Чья-то рука... Не слишком ли часто она нам мерещится? Трубицин уже готов был возразить, но сдержался. Было и у него ощущение того, что мерки работы в условиях военного времени изменились. Понимал, что не только быстрее, но и глубже надо делать свое дело.

Аликин вернулся к столу и принялся листать материалы дела.

— Да, компанию подобрал себе Сергеев! Сам он из ставропольских кулаков, осужден был на пять лет за антисоветские действия. Его первый помощник Булько тоже отсидел три года. С ними же поручик царской армии, еще трое из раскулаченных. У каждого из них в прошлом какой-то конфликт с Советской властью.

Лейтенант нашел нужную страницу, положил закладку, потом еще одну и только тогда поднял голову.

— Что вы думаете, Василий Матвеевич, по поводу фотографий, найденных у Сергеева и Булько?

— Я обратил внимание на них, товарищ лейтенант. Сергеев говорит, что нашел фотографию в книге, взятой в библиотеке, и оставил у себя как закладку. Кто на ней запечатлен — не знает, но ему понравилось мужественное лицо, особенно — борода, действительно осанистая, даже величественная. Дескать, характерный русский тип. А вот объяснение Булько менее вразумительно: мол, наверное, из фотографий квартирной хозяйки, у нее они разбросаны повсюду. Кто на фотографии — понятия не имеет. Обнаружена в ящике письменного стола вместе с прочими бумагами. Я подумал было, что этого человека они ждут, но потом от данной версии отказался: не вписывается она в правила конспирации.

— Проверяли их показания?

— Да, конечно. Квартирная хозяйка Булько пожимает плечами: вполне возможно. Ее покойный муж не то чтобы коллекционировал, а интересовался фотографиями артистов, писателей, военачальников. Был и в библиотеке. Сергеев брал в основном «шпионские» романы и несколько книг о Германии. С теми, кто пользовался книгами до него, я встречался. Никто фотографию не признал своею.

Немного помолчав, Трубицин добавил:

— Элемент случайности находки я допускаю. У меня однажды такое же было, когда учился на курсах. Взял книгу в библиотеке, а в ней оказалась трешка. Пытался найти владельца денег, в библиотеку заявил. Меня только осмеяли.

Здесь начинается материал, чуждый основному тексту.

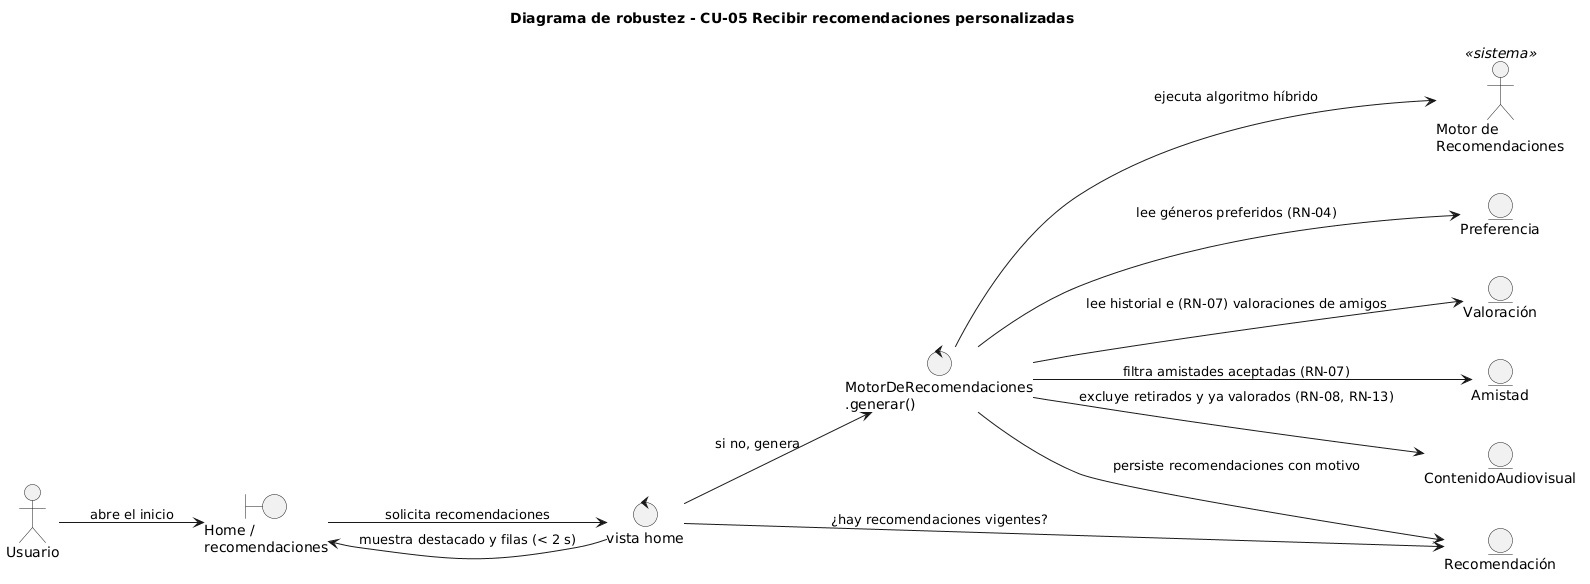

The diagram above was rendered by PlantUML. Its source (embedded in the PNG):
@startuml
title Diagrama de robustez - CU-05 Recibir recomendaciones personalizadas
left to right direction
skinparam shadowing false

actor "Usuario" as U
actor "Motor de\nRecomendaciones" as M << sistema >>

boundary "Home /\nrecomendaciones" as PH
control "vista home" as VH
control "MotorDeRecomendaciones\n.generar()" as MG
entity "Preferencia" as EP
entity "Valoración" as EV
entity "Amistad" as EA
entity "ContenidoAudiovisual" as EC
entity "Recomendación" as ER

U --> PH : abre el inicio
PH --> VH : solicita recomendaciones
VH --> ER : ¿hay recomendaciones vigentes?
VH --> MG : si no, genera
MG --> M : ejecuta algoritmo híbrido
MG --> EP : lee géneros preferidos (RN-04)
MG --> EV : lee historial e (RN-07) valoraciones de amigos
MG --> EA : filtra amistades aceptadas (RN-07)
MG --> EC : excluye retirados y ya valorados (RN-08, RN-13)
MG --> ER : persiste recomendaciones con motivo
VH --> PH : muestra destacado y filas (< 2 s)
@enduml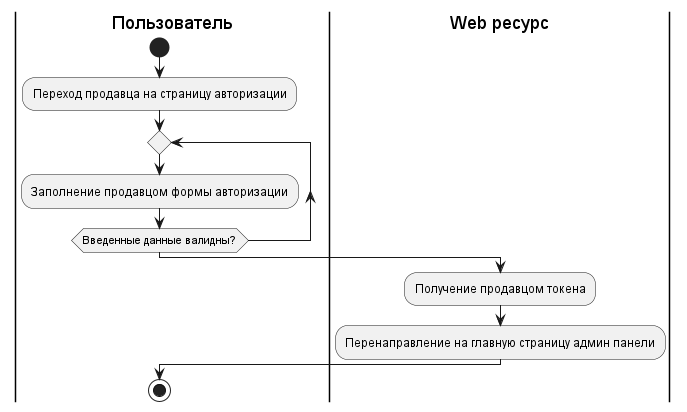

The diagram above was rendered by PlantUML. Its source (embedded in the PNG):
@startuml
'https://plantuml.com/activity-diagram-beta

|Пользователь|
start
:Переход продавца на страницу авторизации;

repeat
  :Заполнение продавцом формы авторизации;
repeat while (Введенные данные валидны?)
|Web ресурс|
:Получение продавцом токена;
:Перенаправление на главную страницу админ панели;
|Пользователь|
stop

@enduml

— Осмеяли, говоришь? — Аликин улыбнулся.

Он был значительно старше, уже располнел, что позволяло предположить не очень нормальную работу сердца. От бессонных ночей в последние дни под глазами появились темные круги. Вторую неделю все в управлении жили сообщениями Совинформбюро. Не стало в коридорах веселых разговоров, которые заводили курильщики. Даже в столовой чувствовалась тревожная тишина. Каждый торопился поскорее покончить с обедом и бежал по делам. Именно бежал. Раньше ходили неторопливо, даже вызов к начальству воспринимался как обычное дело. Теперь же в этих случаях думалось: а что означает вызов? Не предстоит ли работа, связанная с новой обстановкой? Многие работники управления подали рапорты с просьбой направить на фронт. Прошел только десяток дней, а уже стало заметным, как редеют отделения. Без торжественных проводов (а застолья по такому поводу вообще считались противоестественными) люди уезжали. Буднично, просто, словно в дальнюю служебную командировку.